Specifically, the rater similarity score between a pair of raters is defined as the number of notes that both raters rated, divided by the minimum number of total notes each rater has rated(over each of the two raters).
Example: if rater A rated notes 1, 2, and 3, while rater B rated notes 1, 3, 4, 5, and 6, then the similarity score between A and B = 2 / min(3, 5) = 2/3, because they both rated notes 1 and 3, for a total of 2, and the minimum number of total notes either rater has rated is 3. If two raters haven’t rated any of the same notes, the score is defined as 0.01 instead of 0. Then, the average rater similarity between a contributor and each other rater who’s rated a particular Tweet is computed, in order to compute the average rater similarity between the contributor and the raters of that Tweet. Then, Tweets are ranked in the Needs your help tab using the following score: 0.3 * proportionOfNotesOnTweetThatNeedMoreRatings - averageRaterSimilarityScore.
The factor of 0.3 is applied to help to balance between the two scores fairly equally. We may in the future experiment with using other forms of rater similarity, e.g. based on whether two contributors tend to agree when they rate the same notes. This version primarily reflects contributors’ interest in what they choose to rate.
When browsing Twitter on Android, iOS, or at Twitter.com, Birdwatch pilot participants may see cards on Tweets that have Birdwatch notes.
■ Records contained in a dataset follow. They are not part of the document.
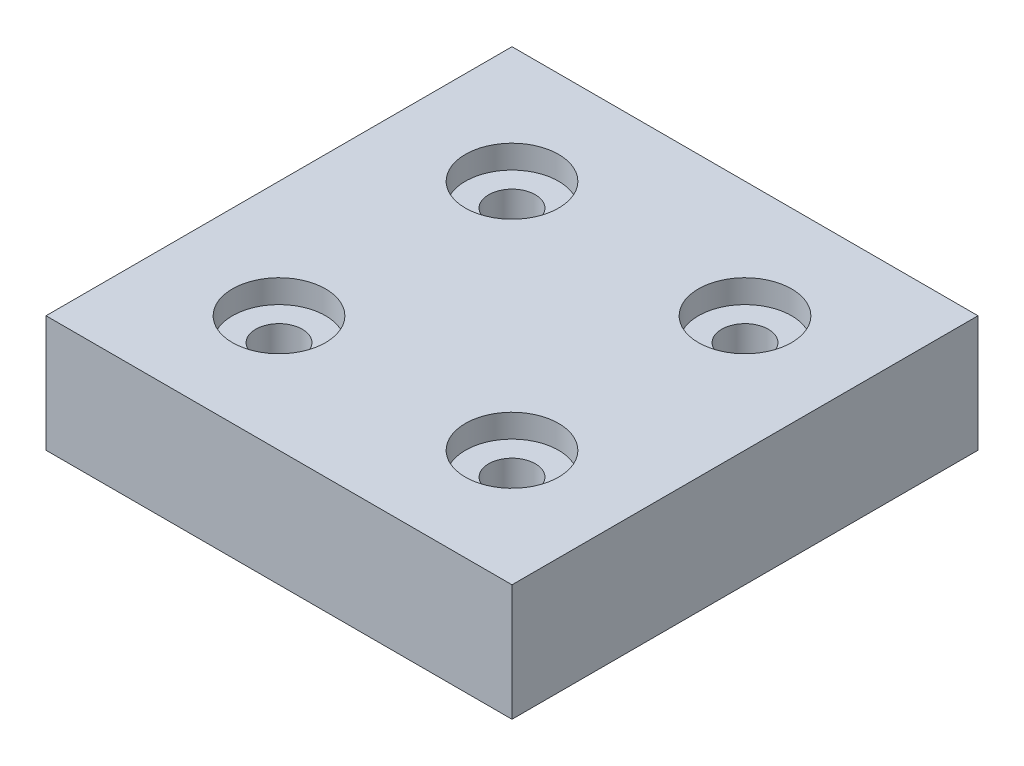
from build123d import *

# Parameters (mm, degrees)
SKETCH1_W           = 40
SKETCH1_H           = 40
SKETCH1_R           = 2
BOSS_EXTRUDE1_DEPTH = 10
SKETCH2_R           = 4
CUT_EXTRUDE1_DEPTH  = 2


with BuildPart() as part:
    # Sketch1 → Boss-Extrude1 (new body)
    with BuildSketch(Plane(origin=(0, 0, 0), x_dir=(1, 0, 0), z_dir=(0, 1, 0))):
        with Locations((20, 20)):
            Rectangle(SKETCH1_W, SKETCH1_H)
        with Locations((10, 30)):
            Circle(SKETCH1_R, mode=Mode.SUBTRACT)
        with Locations((30, 30)):
            Circle(SKETCH1_R, mode=Mode.SUBTRACT)
        with Locations((30, 10)):
            Circle(SKETCH1_R, mode=Mode.SUBTRACT)
        with Locations((10, 10)):
            Circle(SKETCH1_R, mode=Mode.SUBTRACT)
    extrude(amount=BOSS_EXTRUDE1_DEPTH)

    # Sketch2 → Cut-Extrude1 (cut)
    with BuildSketch(Plane(origin=(0, 10, 0), x_dir=(1, 0, 0), z_dir=(0, 1, 0))):
        with Locations((10, 10)):
            Circle(SKETCH2_R)
        with Locations((10, 30)):
            Circle(SKETCH2_R)
        with Locations((30, 30)):
            Circle(SKETCH2_R)
        with Locations((30, 10)):
            Circle(SKETCH2_R)
    extrude(amount=-CUT_EXTRUDE1_DEPTH, mode=Mode.SUBTRACT)


solid = part.part

Birdwatch cards may include a specific Birdwatch note or reference the number of Birdwatch notes on the Tweet, and link to the Birdwatch site where contributors can rate the notes.
If a Tweet has a Birdwatch note deemed Currently rated helpful by contributors (determined as described above in Note Ranking) then the note will be shown in the card, along with a button to rate the note. If the Tweet has multiple notes with Currently rated helpful status, the card will show one note, randomly cycling between them at periodic intervals in order to gather additional rating inputs on each.
If a Tweet has notes but none yet have Currently rated helpful status, the card will show the number of notes, and allow people to tap to read and rate those notes on the Birdwatch site.
If all notes on a Tweet have Currently not rated helpful status, no card will be shown. Pilot participants will still be able to access these notes via the Birdwatch icon displayed in the Tweet details page.